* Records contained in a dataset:
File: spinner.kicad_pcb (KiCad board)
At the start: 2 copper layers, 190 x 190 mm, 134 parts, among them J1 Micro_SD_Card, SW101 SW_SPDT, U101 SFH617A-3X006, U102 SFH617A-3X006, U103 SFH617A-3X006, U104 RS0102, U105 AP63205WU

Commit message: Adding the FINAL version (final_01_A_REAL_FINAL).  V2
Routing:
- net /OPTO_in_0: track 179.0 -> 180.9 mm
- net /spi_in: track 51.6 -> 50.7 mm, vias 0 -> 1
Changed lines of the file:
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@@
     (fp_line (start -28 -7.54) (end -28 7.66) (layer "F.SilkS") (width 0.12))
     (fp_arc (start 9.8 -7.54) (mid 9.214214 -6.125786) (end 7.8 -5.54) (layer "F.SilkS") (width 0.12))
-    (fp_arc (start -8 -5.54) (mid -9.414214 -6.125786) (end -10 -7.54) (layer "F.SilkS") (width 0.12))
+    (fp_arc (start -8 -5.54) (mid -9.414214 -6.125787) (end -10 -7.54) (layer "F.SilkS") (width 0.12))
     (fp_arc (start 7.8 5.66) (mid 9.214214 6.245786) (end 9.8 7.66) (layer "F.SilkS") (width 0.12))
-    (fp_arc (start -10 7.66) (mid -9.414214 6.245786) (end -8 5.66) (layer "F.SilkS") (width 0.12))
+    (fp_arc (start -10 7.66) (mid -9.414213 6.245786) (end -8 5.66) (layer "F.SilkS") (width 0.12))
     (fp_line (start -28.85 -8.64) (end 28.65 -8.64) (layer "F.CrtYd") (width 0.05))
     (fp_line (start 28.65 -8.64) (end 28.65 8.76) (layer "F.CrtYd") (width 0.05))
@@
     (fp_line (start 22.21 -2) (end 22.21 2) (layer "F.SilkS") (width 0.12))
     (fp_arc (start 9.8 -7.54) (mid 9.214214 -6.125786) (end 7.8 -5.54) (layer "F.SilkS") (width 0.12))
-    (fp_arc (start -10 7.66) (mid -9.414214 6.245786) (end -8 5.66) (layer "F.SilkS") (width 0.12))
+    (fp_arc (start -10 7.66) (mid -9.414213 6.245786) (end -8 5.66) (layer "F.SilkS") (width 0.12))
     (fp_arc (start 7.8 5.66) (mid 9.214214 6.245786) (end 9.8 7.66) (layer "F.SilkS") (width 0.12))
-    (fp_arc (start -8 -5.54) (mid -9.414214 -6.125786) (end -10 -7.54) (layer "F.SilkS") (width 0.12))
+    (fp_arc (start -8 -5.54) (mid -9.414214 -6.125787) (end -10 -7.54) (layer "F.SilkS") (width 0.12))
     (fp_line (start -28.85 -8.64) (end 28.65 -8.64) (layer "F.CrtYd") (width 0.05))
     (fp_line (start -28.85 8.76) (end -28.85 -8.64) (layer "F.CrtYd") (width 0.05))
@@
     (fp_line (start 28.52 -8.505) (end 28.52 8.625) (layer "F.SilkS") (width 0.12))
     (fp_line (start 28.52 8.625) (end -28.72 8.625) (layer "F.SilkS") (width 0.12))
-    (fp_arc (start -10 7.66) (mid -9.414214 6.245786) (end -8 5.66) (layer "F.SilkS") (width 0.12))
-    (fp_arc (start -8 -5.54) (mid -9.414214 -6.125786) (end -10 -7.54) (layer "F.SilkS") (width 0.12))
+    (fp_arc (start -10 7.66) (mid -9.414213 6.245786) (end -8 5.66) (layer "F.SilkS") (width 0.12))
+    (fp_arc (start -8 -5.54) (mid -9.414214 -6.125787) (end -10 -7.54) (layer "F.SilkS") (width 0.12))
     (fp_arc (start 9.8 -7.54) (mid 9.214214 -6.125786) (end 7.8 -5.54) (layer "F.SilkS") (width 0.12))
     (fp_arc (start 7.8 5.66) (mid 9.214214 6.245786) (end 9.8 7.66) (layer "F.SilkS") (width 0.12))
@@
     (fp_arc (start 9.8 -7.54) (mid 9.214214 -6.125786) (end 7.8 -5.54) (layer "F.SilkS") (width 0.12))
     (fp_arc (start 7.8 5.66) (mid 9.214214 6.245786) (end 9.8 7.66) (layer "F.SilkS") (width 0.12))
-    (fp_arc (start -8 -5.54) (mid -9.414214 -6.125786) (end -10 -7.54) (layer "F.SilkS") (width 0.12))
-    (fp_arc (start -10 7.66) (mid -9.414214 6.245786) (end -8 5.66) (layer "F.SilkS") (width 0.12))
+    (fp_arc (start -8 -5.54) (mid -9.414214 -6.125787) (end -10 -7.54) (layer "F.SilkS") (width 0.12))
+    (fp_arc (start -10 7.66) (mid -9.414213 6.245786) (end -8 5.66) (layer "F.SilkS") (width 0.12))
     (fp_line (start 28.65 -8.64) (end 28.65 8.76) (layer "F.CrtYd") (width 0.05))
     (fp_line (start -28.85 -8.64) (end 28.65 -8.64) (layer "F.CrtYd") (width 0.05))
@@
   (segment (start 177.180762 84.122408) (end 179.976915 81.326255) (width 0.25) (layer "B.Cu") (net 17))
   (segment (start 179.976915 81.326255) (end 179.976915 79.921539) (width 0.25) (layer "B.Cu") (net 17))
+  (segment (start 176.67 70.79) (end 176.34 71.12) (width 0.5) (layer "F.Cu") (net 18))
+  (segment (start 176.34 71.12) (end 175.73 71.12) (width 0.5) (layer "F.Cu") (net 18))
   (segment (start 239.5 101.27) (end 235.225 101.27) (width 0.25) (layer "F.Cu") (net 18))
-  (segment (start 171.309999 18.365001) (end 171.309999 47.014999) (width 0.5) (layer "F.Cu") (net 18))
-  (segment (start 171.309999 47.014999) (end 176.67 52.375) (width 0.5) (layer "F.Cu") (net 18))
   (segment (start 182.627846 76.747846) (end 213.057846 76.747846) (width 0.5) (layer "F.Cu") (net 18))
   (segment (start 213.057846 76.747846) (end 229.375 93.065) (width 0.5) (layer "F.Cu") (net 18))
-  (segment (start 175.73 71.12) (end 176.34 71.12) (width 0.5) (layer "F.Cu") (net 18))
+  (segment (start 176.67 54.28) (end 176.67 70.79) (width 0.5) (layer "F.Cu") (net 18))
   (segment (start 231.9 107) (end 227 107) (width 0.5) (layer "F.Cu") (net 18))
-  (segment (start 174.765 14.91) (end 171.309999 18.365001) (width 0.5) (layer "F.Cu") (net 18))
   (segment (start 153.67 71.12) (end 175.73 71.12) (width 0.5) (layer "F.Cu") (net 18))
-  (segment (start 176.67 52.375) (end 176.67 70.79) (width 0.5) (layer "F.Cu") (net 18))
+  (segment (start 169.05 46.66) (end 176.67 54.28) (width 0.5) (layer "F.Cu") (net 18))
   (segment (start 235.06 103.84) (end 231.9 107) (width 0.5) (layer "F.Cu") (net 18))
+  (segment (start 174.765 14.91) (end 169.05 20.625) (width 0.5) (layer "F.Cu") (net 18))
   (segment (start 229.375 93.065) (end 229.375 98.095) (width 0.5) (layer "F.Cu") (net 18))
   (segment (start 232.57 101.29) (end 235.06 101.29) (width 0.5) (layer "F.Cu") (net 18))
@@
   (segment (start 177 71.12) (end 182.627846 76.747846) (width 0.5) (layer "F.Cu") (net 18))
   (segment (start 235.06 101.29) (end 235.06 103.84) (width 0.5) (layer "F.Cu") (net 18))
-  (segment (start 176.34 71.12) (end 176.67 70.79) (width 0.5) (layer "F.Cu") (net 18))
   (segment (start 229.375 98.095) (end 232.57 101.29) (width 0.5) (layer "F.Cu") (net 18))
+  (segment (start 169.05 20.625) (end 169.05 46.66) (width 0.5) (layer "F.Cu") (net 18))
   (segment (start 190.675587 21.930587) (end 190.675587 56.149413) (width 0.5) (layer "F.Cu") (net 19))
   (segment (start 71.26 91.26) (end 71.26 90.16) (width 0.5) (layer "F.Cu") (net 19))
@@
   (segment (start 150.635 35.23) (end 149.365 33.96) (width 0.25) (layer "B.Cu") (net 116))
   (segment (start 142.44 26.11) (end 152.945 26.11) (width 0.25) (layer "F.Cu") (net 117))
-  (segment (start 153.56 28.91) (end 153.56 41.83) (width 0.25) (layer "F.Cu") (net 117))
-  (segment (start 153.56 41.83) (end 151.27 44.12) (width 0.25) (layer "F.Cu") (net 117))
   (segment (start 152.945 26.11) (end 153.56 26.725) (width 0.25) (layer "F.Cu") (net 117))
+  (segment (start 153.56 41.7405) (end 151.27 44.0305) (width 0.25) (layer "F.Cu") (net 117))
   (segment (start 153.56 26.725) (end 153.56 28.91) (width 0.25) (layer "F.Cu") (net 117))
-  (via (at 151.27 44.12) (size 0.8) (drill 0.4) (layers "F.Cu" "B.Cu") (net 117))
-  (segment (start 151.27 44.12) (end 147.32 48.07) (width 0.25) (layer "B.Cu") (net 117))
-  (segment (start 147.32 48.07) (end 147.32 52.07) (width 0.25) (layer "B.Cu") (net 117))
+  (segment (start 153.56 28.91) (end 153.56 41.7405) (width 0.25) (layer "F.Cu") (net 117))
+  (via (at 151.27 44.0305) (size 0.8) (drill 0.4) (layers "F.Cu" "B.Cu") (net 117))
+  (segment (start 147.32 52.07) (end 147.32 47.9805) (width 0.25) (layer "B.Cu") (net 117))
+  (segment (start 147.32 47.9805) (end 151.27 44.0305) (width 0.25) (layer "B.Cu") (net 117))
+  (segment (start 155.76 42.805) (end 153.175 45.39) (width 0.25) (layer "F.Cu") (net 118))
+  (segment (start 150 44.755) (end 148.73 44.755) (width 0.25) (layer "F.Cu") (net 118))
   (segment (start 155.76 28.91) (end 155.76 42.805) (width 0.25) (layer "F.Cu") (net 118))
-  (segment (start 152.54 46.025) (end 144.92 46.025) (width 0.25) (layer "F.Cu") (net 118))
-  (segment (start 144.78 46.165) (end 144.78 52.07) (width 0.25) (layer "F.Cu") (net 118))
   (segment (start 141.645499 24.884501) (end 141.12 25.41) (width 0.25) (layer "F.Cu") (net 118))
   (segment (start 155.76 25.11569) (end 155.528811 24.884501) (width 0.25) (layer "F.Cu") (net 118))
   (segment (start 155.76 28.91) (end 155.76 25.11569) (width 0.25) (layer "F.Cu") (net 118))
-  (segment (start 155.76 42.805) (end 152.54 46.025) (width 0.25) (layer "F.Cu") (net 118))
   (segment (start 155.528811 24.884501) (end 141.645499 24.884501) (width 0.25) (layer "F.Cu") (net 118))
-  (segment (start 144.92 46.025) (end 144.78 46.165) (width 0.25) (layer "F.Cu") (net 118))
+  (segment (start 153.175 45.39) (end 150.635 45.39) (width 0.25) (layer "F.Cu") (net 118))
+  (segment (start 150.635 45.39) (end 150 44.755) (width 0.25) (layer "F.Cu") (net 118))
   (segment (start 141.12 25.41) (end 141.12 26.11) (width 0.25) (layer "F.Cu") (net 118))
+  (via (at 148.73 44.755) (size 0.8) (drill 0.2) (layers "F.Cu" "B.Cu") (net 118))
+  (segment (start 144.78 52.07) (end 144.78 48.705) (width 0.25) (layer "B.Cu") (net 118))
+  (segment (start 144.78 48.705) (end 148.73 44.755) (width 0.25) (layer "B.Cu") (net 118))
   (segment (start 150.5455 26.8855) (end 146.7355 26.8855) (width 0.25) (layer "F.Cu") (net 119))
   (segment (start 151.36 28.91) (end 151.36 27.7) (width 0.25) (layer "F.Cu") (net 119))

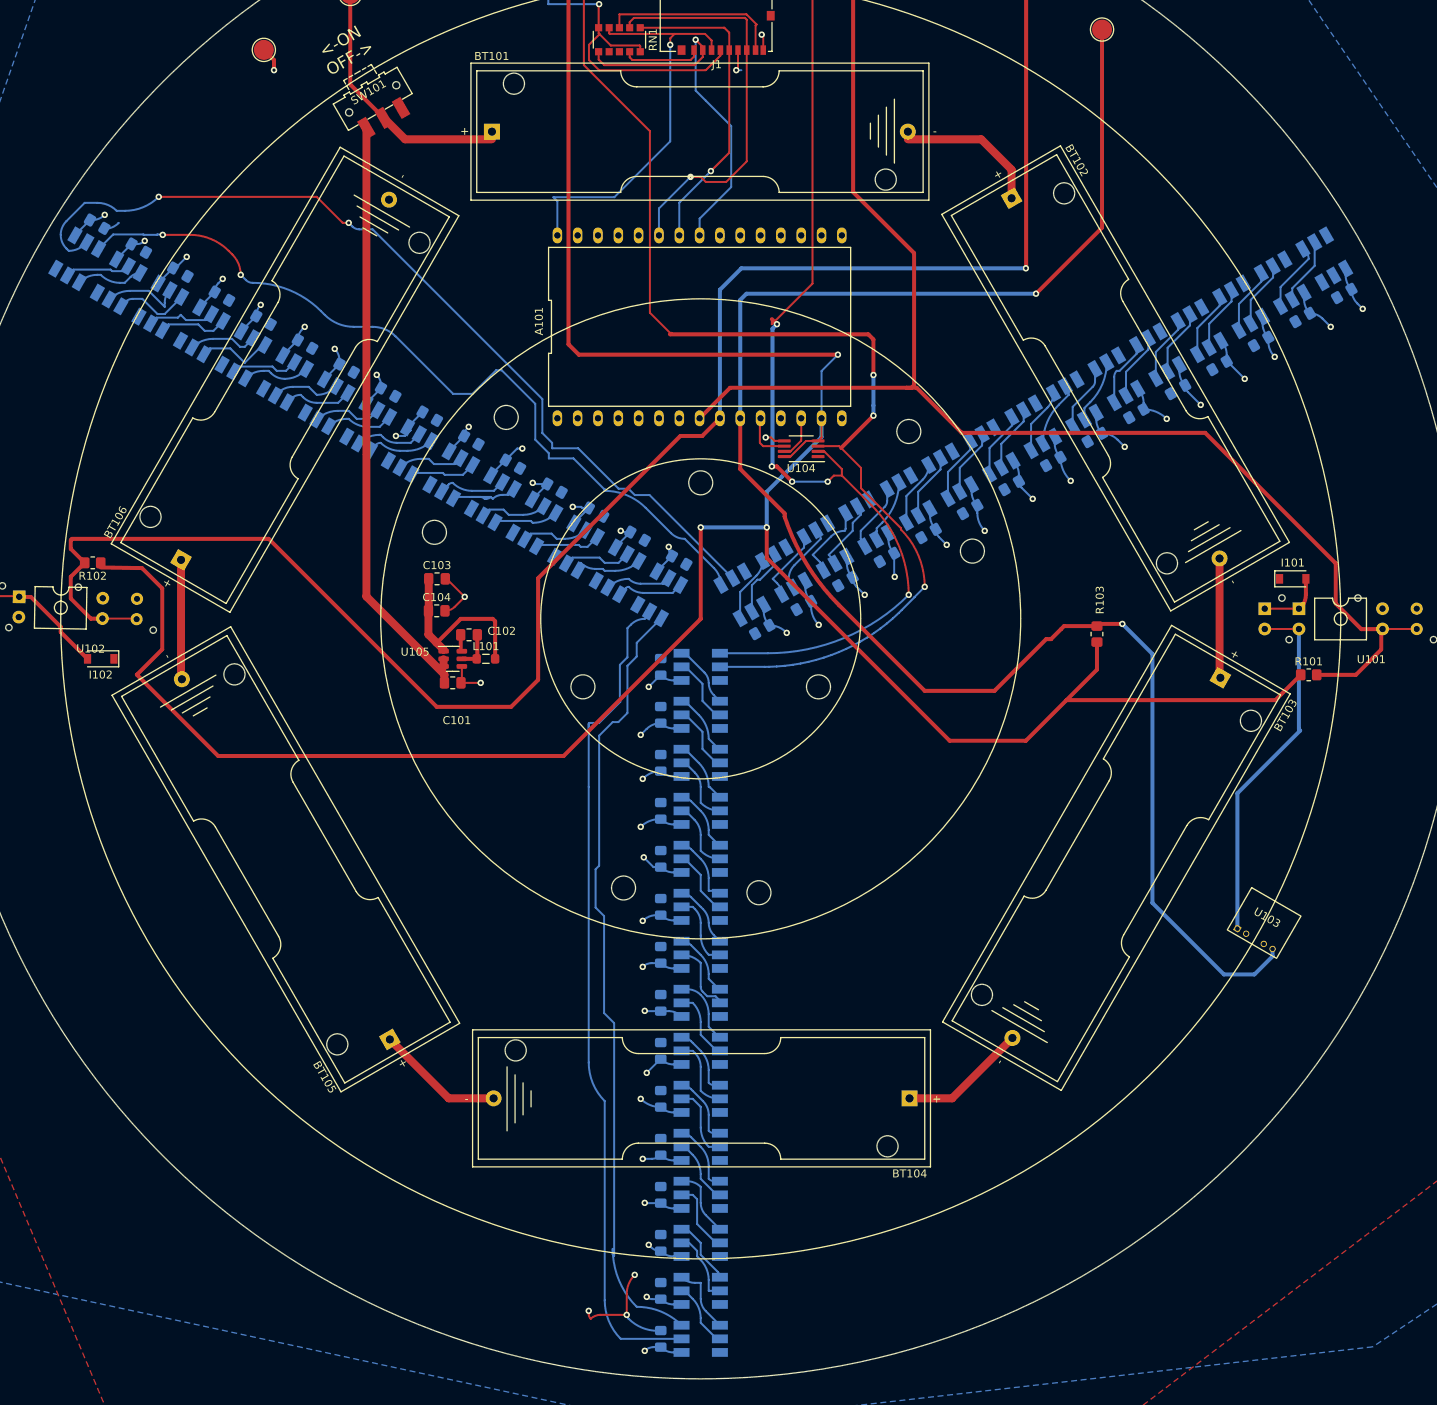
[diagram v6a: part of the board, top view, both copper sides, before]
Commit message: Start the mini version of the spinner.
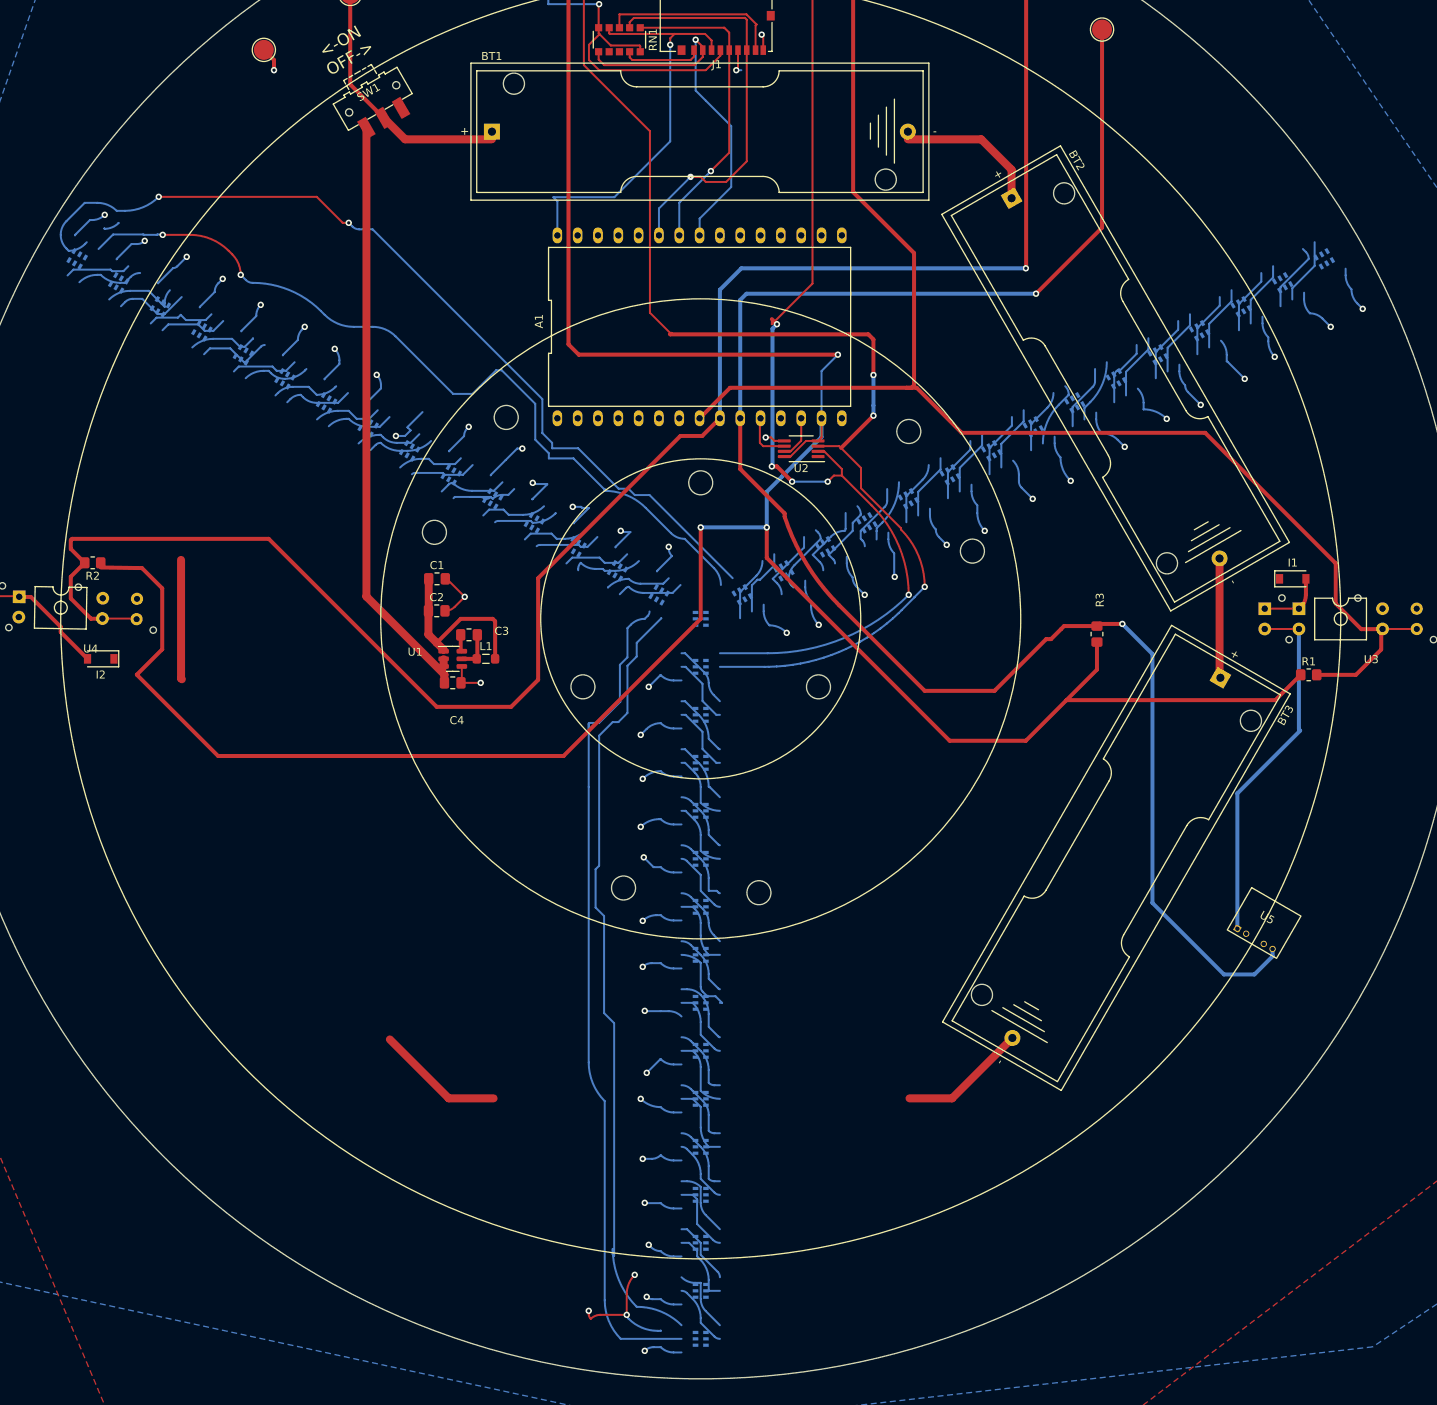
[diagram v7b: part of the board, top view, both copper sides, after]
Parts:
- removed BT104, BT105, BT106: Battery_Cell, Library:Spinner_BatteryHolder_Keystone_2460_1xAA
- removed C105, C106, C107, C108, C109, C110, C111, C112, C113, C114, C115, C116, C117, C118, C119, C120, C121, C122, C123, C124, C125, C126, C127, C128, C129, C130, C131, C132, C133, C134, C135, C136, C137, C138, C139, C140, C141, C142, C143, C144, C145, C146, C147, C148, C149: .1uF, Capacitor_SMD:C_0805_2012Metric_Pad1.18x1.45mm_HandSolder
- added D101: APA102, Library:SK9822-hakz, B.Cu at (150.0, 100.0)
- D0: renamed from D102; footprint LED_SMD:LED_RGB_5050-6 -> Library:SK9822-hakz
- D102: renamed from D105; footprint LED_SMD:LED_RGB_5050-6 -> Library:SK9822-hakz
- D103: renamed from D108; footprint LED_SMD:LED_RGB_5050-6 -> Library:SK9822-hakz
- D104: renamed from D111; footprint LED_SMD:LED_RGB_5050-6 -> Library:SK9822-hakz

* Work request: Work through the entries, filtering for the string "track", and copy each line that holds it.

* Solution to this problem:
- net /OPTO_in_0: track 179.0 -> 180.9 mm
- net /spi_in: track 51.6 -> 50.7 mm, vias 0 -> 1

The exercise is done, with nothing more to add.